Die Kraft von KI und datenbasierten Lösungen: Während erst 15 Prozent der Automobilunternehmen KI umfassend nutzen, zeigt der Einsatz von Tools wie ChatGPT, Voicebots und datengetriebenen Infotainment-Systemen großes Potenzial. Diese Technologien ermöglichen es, Kundenbedürfnisse vorherzusehen und personalisierte Erlebnisse zu schaffen.
Mobilität neu denken: Vom Besitz zu Dienstleistungen
Ein weiterer Aspekt, der die Branche prägt, ist der Wandel vom klassischen Fahrzeugbesitz hin zu flexiblen Mobilitätslösungen. Abonnements, Carsharing-Modelle und datenbasierte Services wie die von Tesla oder NIO setzen neue Standards. Die Herausforderung für traditionelle Autohäuser besteht darin, diese Entwicklungen nicht nur zu beobachten, sondern in diesem Jahr aktiv mitzugestalten.

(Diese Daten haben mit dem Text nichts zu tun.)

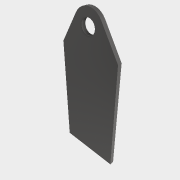
# Autodesk Inventor part: Skid Lifting Plate
Saved by Autodesk Inventor 2019.1 (Build 231200000, 200)
## iProperties
Created: 2018-08-31
Part Number: Skid Lifting Plate
Material: Steel, Galvanized
Document SubType Name: Modeling
Designer: alid
Density: 7.85 g/cm^3
Appearance: Galvanized
Description: Skid Lifting Plate
Stock Number: NA
Mass: 3810.54 g
Surface Area: 1075.86 cm^2
Volume: 485.419 cm^3
Author: alid
Title: Manufactured Part
Revision Number: A
Autodesk Inventor part; units mm, degrees
ref_plane "YZ Plane" through (0, 0, 0) normal (1, 0, 0) x (0, 1, 0)
ref_plane "XZ Plane" through (0, 0, 0) normal (0, 1, 0) x (-1, 0, 0)
ref_plane "XY Plane" through (0, 0, 0) normal (0, 0, 1) x (1, 0, 0)
sketch "Sketch1" plane through (0, 0, 0) normal (0, 1, 0) x (-1, 0, 0)
  line L0 (-75, 0) -> (75, 0)
  line L1 (75, 0) -> (75, 275)
  line L2 (75, 275) -> (-75, 275) construction
  line L3 (-75, 275) -> (-75, 0)
  circle A0 centre (0, 325) radius 37.5
  line L4 (-75, 275) -> (-31.8965, 344.7197)
  line L5 (75, 275) -> (31.8965, 344.7197)
  point P0 (0, 0)
  point P1 (0, 0)
  dimension "d2" = 75
  dimension "d3" = 50
  constraints: 12 end point, 2 parallel, 2 point on circle, 2 tangent, 2 vertical alignment, 1 centre point, 1 coincident, 1 horizontal, 1 horizontal alignment, 1 midpoint, 1 perpendicular
  measures "d2" diameter of A0
  measures "d3" distance from line of L2 A0.centre
extrude "Extrusion1" add sketch "Sketch1" along normal blind 10
sketch "Sketch2" plane through (0, 0, 0) normal (0, -1, 0) x (1, 0, 0)
  arc A0 (31.8965, 344.7197) -> (-31.8965, 344.7197) centre (0, 325) ccw projected
  point P0 (0, 0)
  constraints: 1 coincident
hole "Hole1" at (0, 0, 325) direction (0, 1, 0) diameter 35 end through all
sketch "Sketch3" plane through (-75, 0, 0) normal (-1, 0, 0) x (0, 0, 1)
  line L0 (11, 10) -> (11, 54)
  line L1 (11, 54) -> (41, 84)
  line L2 (41, 84) -> (159, 84)
  line L3 (159, 84) -> (189, 54)
  line L4 (189, 54) -> (189, 10)
  line L5 (0, 10) -> (275, 10) projected
  line L6 (189, 10) -> (11, 10)
  dimension "d14" = 135
  dimension "d18" = 11
  dimension "d19" = 74
  dimension "d20" = 30
  dimension "d22" = 178
  dimension "d26" = 21
  constraints: 4 end point, 2 point on line, 1 horizontal alignment
  measures "d26" distance of point (-75, -189) L6.end
sketch "Sketch6" plane through (-75, 10, 210) normal (0, 0, 1) x (1, 0, 0)
  line L0 (0, 0) -> (10, 0)
  line L1 (10, 0) -> (10, 25)
  line L2 (10, 25) -> (0, 25)
  line L3 (0, 25) -> (0, 0)
  point P0 (75, -10)
  dimension "d27" = 10
  dimension "d28" = 25
  constraints: 8 end point, 2 parallel, 1 horizontal, 1 perpendicular
  measures "d27" distance of L2.end L1.end
  measures "d28" distance of L1.end L0.end
sketch3d "3D Sketch1"
sketch "Sketch7" plane through (0, 10, 0) normal (0, 1, 0) x (1, 0, 0)
  circle A0 centre (0, -325) radius 17.5 projected
  circle A1 centre (0, -325) radius 27.5
  point P0 (0, 0)
  dimension "d31" = 10
  constraints: 1 centre point, 1 coincident
  measures "d31" radial gap between concentric circles of A1 A0
sketch "Sketch8" plane through (-75, 35, 210) normal (0, 1, 0) x (1, 0, 0)
  line L0 (0, -65) -> (43.1035, -134.7197) projected
  arc A0 (43.1035, -134.7197) -> (106.8965, -134.7197) centre (75, -115) ccw projected
  line L1 (106.8965, -134.7197) -> (150, -65) projected
  line L2 (150, -65) -> (150, 0) projected
  line L3 (140, 0) -> (150, 0) projected
  line L4 (140, -62.1584) -> (140, 0) projected
  line L5 (98.3907, -129.4611) -> (140, -62.1584) projected
  arc A1 (51.6093, -129.4611) -> (98.3907, -129.4611) centre (75, -115) ccw projected
  line L6 (10, -62.1584) -> (51.6093, -129.4611) projected
  line L7 (10, 0) -> (10, -62.1584) projected
  line L8 (10, 0) -> (0, 0) projected
  line L9 (0, 0) -> (0, -65) projected
  line L10 (140, 0) -> (10, 0)
  circle A2 centre (75, -115) radius 17.5 projected
  point P0 (75, 210)
  constraints: 2 end point, 1 horizontal
body "Solid1"
body "Solid2"
body "Solid3"
body "Solid4"
body "Solid5"
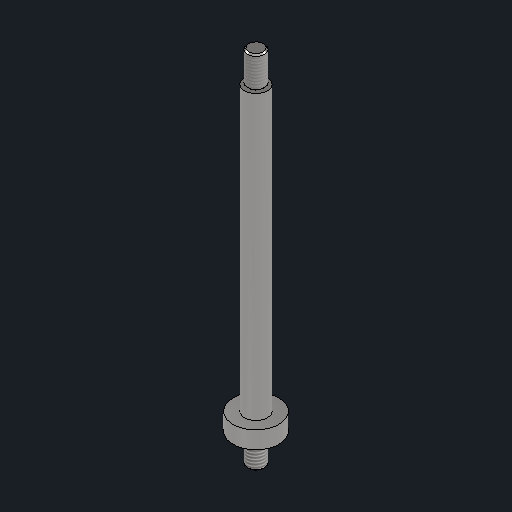
# Autodesk Inventor part: KN-00-02-10
Saved by Autodesk Inventor 2025.2 (Build 292293000, 293)
## iProperties
Created: 2025-04-12
Part Number: KN-00-02-10
Material: X5CrNi18-10
Document SubType Name: Modeling
Designer: Kacper Mik
Density: 8 g/cm^3
Appearance: Semi-Polished
Mass: 12.6648 g
Surface Area: 10.5287 cm^2
Volume: 1.5831 cm^3
Author: Kacper Mik
Autodesk Inventor part; units mm, degrees
ref_plane "YZ Plane" through (0, 0, 0) normal (1, 0, 0) x (0, 1, 0)
ref_plane "XZ Plane" through (0, 0, 0) normal (0, 1, 0) x (-1, 0, 0)
ref_plane "XY Plane" through (0, 0, 0) normal (0, 0, 1) x (1, 0, 0)
sketch "Sketch1" plane through (0, 0, 0) normal (0, 1, 0) x (-1, 0, 0)
  circle A0 centre (0, 0) radius 8
  dimension "d0" = 16
  constraints: 1 centre point, 1 coincident
  measures "d0" diameter of A0
extrude "srodek" add sketch "Sketch1" along normal blind 6
sketch "Sketch2" plane through (0, 0, 0) normal (0, -1, 0) x (1, 0, 0)
  circle A0 centre (0, 0) radius 8 projected
  circle A1 centre (0, 0) radius 3
  dimension "d3" = 6
  constraints: 1 centre point, 1 coincident
  measures "d3" diameter of A1
extrude "dolne" add sketch "Sketch2" along normal blind 10 contours A1
thread "Thread1" size "M6x1" class "6g" standard "ANSI Metric M Profile" full length
chamfer "Chamfer1" distance 0.5 angle 45 1 edges at (-3, -10, 0)
sketch "Sketch3" plane through (0, 0, 0) normal (0, 0, 1) x (1, 0, 0)
  line L0 (3, 0) -> (-3, 0) projected
  line L1 (-3, 0) -> (-2.5, 0)
  line L2 (-2.5, 0) -> (-2.5, -0.5)
  line L3 (-2.5, -0.5) -> (-3, -0.5)
  line L4 (-3, -0.5) -> (-3, 0)
  line L5 (0, -0.6) -> (0, 0.1) projected
  point P0 (0, 0)
  point P1 (-2.5, 0)
  dimension "d11" = 0.5
  dimension "d12" = 0.5
  constraints: 8 end point, 2 parallel, 1 horizontal, 1 perpendicular
  measures "d11" distance of L2.end L3.end
  measures "d12" distance of L1.end L2.end
revolve "Revolution1" cut sketch "Sketch3" angle 360 about axis through (0, -10, 0) along (0, 1, 0)
sketch "Sketch8" plane through (0, 6, 0) normal (0, 1, 0) x (1, 0, 0)
  circle A0 centre (0, 0) radius 4
  dimension "d35" = 8
  constraints: 1 centre point, 1 coincident
  measures "d35" diameter of A0
extrude "gora" add sketch "Sketch8" along normal blind 98.5
sketch "Sketch6" plane through (0, 104.5, 0) normal (0, 1, 0) x (1, 0, 0)
  circle A0 centre (0, 0) radius 4 projected
  circle A1 centre (0, 0) radius 3
  dimension "d19" = 6
  constraints: 1 centre point, 1 coincident
  measures "d19" diameter of A1
extrude "mocowanie K1" add sketch "Sketch6" along normal blind 11 contours A1
thread "Thread3" size "M6x1" class "6g" standard "ISO Metric profile" full length
chamfer "Chamfer3" distance 0.5 angle 45 1 edges at (-3, 115.5, 0)
sketch "Sketch9" plane through (0, 0, 0) normal (0, 0, 1) x (1, 0, 0)
  line L0 (-3, 104.5) -> (3, 104.5) construction
  line L1 (3, 115) -> (-3, 115) construction
  line L2 (3, 104.5) -> (2.5, 104.5)
  line L3 (2.5, 104.5) -> (2.5, 105)
  line L4 (2.5, 105) -> (3, 105)
  line L5 (3, 105) -> (3, 104.5)
  line L6 (0, -35.2) -> (0, 141.2) projected
  point P0 (0, 0)
  dimension "d38" = 0.5
  dimension "d39" = 0.5
  constraints: 8 end point, 2 parallel, 1 horizontal, 1 perpendicular
  measures "d38" distance of L3.end L4.end
  measures "d39" distance of L2.end L3.end
revolve "Revolution3" cut sketch "Sketch9" angle 360 about axis through (0, -10, 0) along (0, 1, 0)
body "Solid1"
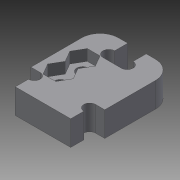
# Autodesk Inventor part: Carriage_Joint_Boltblock
Saved by Autodesk Inventor 2014 (Build 180170000, 170)
## iProperties
Created: 2014-11-10
Part Number: Carriage_Joint_Boltblock
Material: Generic
Document SubType Name: Modeling
Designer: ThatOtherGuy
Density: 1 g/cm^3
Appearance: Default
Author: ThatOtherGuy
Autodesk Inventor part; units mm, degrees
ref_plane "YZ Plane" through (0, 0, 0) normal (1, 0, 0) x (0, 1, 0)
ref_plane "XZ Plane" through (0, 0, 0) normal (0, 1, 0) x (-1, 0, 0)
ref_plane "XY Plane" through (0, 0, 0) normal (0, 0, 1) x (1, 0, 0)
sketch "Sketch1" plane through (0, 0, 0) normal (0, 0, 1) x (1, 0, 0)
  line L0 (0, 0) -> (2.5, 0)
  line L1 (2.5, 0) -> (2.5, -6.731)
  line L2 (2.5, -6.731) -> (17.5, -6.731)
  line L3 (17.5, -6.731) -> (17.5, 0)
  line L4 (17.5, 0) -> (20, 0)
  line L5 (20, 0) -> (20, 18.731)
  line L6 (20, 18.731) -> (12.5, 18.731)
  line L7 (12.5, 18.731) -> (12.5, 12)
  line L8 (12.5, 12) -> (7.5, 12)
  line L9 (7.5, 12) -> (7.5, 18.731)
  line L10 (7.5, 18.731) -> (0, 18.731)
  line L11 (0, 18.731) -> (0, 0)
  dimension "d0" = 15
  dimension "d1" = 20
  dimension "d3" = 6.731
  dimension "d4" = 5
  dimension "d5" = 12
  constraints: 24 end point, 9 parallel, 5 equal length, 1 collinear, 1 horizontal, 1 perpendicular
  measures "d0" distance of L1.end L2.end
  measures "d1" distance between parallel lines of L5 L11
  measures "d3" distance of L6.end L7.end
  measures "d4" distance of L7.end L8.end
  measures "d5" distance between parallel lines of L4 L8
extrude "Extrusion1" add sketch "Sketch1" along normal blind 6.731
sketch "Sketch2" plane through (0, 0, 0) normal (0, 0, -1) x (-1, 0, 0)
  line L0 (0, 0) -> (-2.5, 0) projected
  circle A0 centre (-5, 3) radius 1.588
  circle A1 centre (-5, 9) radius 1.588
  line L1 (-12.5, 12) -> (-7.5, 12) projected
  line L2 (-2.5, 0) -> (-2.5, -6.731) projected
  line L3 (-10, 12) -> (-10, 9.3655) construction
  dimension "d8" = 6
  dimension "d9" = 3.176
  dimension "d10" = 3
  dimension "d22" = 5
  constraints: 2 centre point, 2 end point, 1 equal radius, 1 midpoint, 1 parallel, 1 vertical alignment
  measures "d8" distance of A0.centre A1.centre
  measures "d9" diameter of A1
  measures "d10" distance from line of L0 A0.centre
  measures "d22" distance from line of L3 A1.centre
extrude "Extrusion2" cut sketch "Sketch2" against normal up to next
fillet "Fillet1" radius 5 2 edges at (0, 18.731, 3.3655) (20, 18.731, 3.3655)
sketch "Sketch3" plane through (0, 0, 6.731) normal (0, 0, 1) x (1, 0, 0)
  circle A0 centre (5, 3) radius 1.588 projected
  circle A1 centre (5, 9) radius 1.588 projected
  line L0 (8.4641, 9) -> (6.7321, 6)
  line L1 (6.7321, 6) -> (3.2679, 6)
  line L2 (3.2679, 6) -> (1.5359, 9)
  line L3 (1.5359, 9) -> (3.2679, 12)
  line L4 (3.2679, 12) -> (6.7321, 12)
  line L5 (6.7321, 12) -> (8.4641, 9)
  line L6 (8.4641, 3) -> (6.7321, 0)
  line L7 (6.7321, 0) -> (3.2679, 0)
  line L8 (3.2679, 0) -> (1.5359, 3)
  line L9 (1.5359, 3) -> (3.2679, 6)
  line L10 (3.2679, 6) -> (6.7321, 6)
  line L11 (6.7321, 6) -> (8.4641, 3)
  dimension "d14" = 6
  constraints: 24 end point, 2 coincident, 2 horizontal, 1 collinear, 26 other
  measures "d14" distance between parallel lines of L4 L1
extrude "Extrusion3" cut sketch "Sketch3" against normal blind 3
sketch "Sketch4" plane through (0, 0, 6.731) normal (0, 0, 1) x (1, 0, 0)
  circle A0 centre (7.5, 13.5875) radius 1.5875
  circle A1 centre (12.5, 13.5875) radius 1.5875
  line L0 (12.5, 18.731) -> (12.5, 12) projected
  line L1 (0, 0) -> (2.5, 0) projected
  line L2 (2.5, 0) -> (2.5, -6.731) projected
  line L3 (17.5, -6.731) -> (17.5, 0) projected
  line L4 (17.5, 0) -> (20, 0) projected
  arc A2 (2.5, -3.175) -> (2.5, 0) centre (2.5, -1.5875) ccw
  arc A3 (17.5, 0) -> (17.5, -3.175) centre (17.5, -1.5875) ccw
  dimension "d17" = 3.175
  constraints: 4 point on circle, 3 centre point, 3 point on line, 2 equal radius, 2 tangent, 1 horizontal alignment, 1 vertical alignment, 3 other
  measures "d17" diameter of A0
extrude "Extrusion4" cut sketch "Sketch4" against normal up to next
equation "\"d3\" = THICKB"
equation "\"d6\" = THICKB"
equation "\"THICKA\" = 3.175"
equation "\"THICKB\" = 6.731"
equation "\"THICKC\" = 12.7"
equation "\"THICKPLY\" = 5"
equation "\"MAGDIA\" = 9.5"
equation "\"BALLDIA\" = 12"
body "Solid1"
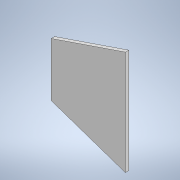
# Autodesk Inventor part: weight
Saved by Autodesk Inventor 2022 (Build 260153000, 153)
## iProperties
Created: 2022-04-15
Part Number: weight
Material: Generic
Document SubType Name: Modeling
Designer: Martijn
Density: 1 g/cm^3
Appearance: Default
Author: Martijn
Autodesk Inventor part; units mm, degrees
ref_plane "YZ Plane" through (0, 0, 0) normal (1, 0, 0) x (0, 1, 0)
ref_plane "XZ Plane" through (0, 0, 0) normal (0, 1, 0) x (-1, 0, 0)
ref_plane "XY Plane" through (0, 0, 0) normal (0, 0, 1) x (1, 0, 0)
sketch "Sketch1" plane through (0, 0, 0) normal (0, 0, 1) x (1, 0, 0)
  line L0 (0, 80) -> (0, -80)
  line L1 (0, -80) -> (220, -155)
  line L2 (220, -155) -> (220, 155)
  line L3 (220, 155) -> (0, 80)
  point P0 (0, 0)
  point P1 (0, 0)
  dimension "d0" = 160
  dimension "d1" = 310
  dimension "d2" = 220
  constraints: 8 end point, 1 coincident, 1 equal length, 1 midpoint, 1 parallel, 1 vertical
  measures "d0" distance of L0.start L0.end
  measures "d1" distance of L1.end L2.end
  measures "d2" distance between parallel lines of L0 L2
extrude "Extrusion1" add sketch "Sketch1" along normal blind 10
body "Solid1"

Die Ergebnisse der Capgemini-Studie unterstreichen die Dringlichkeit von Veränderungen. Wie können Autohäuser konkret handeln?
Omnichannel-Strategien priorisieren
Eine konsistente Customer Journey über alle Kanäle hinweg ist entscheidend. Kunden erwarten, dass Informationen nahtlos zwischen App, Website und Autohaus ausgetauscht werden können.
Technologie als Freund, nicht als Ersatz
Während digitale Tools Prozesse vereinfachen können, bleibt der persönliche Kontakt im Autohaus unverzichtbar. Der Schlüssel liegt in der Kombination von beidem.
Nachhaltigkeit und Werte in den Mittelpunkt stellen
Immer mehr Kunden legen Wert auf Nachhaltigkeit und soziale Verantwortung. Autohäuser, die diese Themen glaubhaft in ihre Strategie integrieren, können sich abheben.
Die Zukunft des Autohandels wird durch eine hybride Herangehensweise bestimmt, bei der digitale und persönliche Erlebnisse nahtlos ineinandergreifen. Während Kunden sich in der Informations- und Entscheidungsphase zunehmend auf digitale Kanäle verlassen, bleibt der direkte Kontakt in der Beratung und beim Kauf weiterhin von zentraler Bedeutung. Entscheidend ist eine harmonische Customer Journey, die sowohl die Effizienz digitaler Prozesse als auch die Vertrauensbasis persönlicher Interaktionen miteinander verbindet.
Die Automobilbranche und der Autohandel haben großes Potenzial, das Kundenerlebnis neu zu definieren und sich als innovativer Dienstleister zu positionieren. Für Autohäuser ist jetzt die Zeit gekommen, ihre Prozesse zu überdenken und CX als strategisches Differenzierungsmerkmal zu nutzen. Die Kunden von heute verlangen mehr – und die Gewinner von morgen sind diejenigen, die diese Erwartungen übertreffen.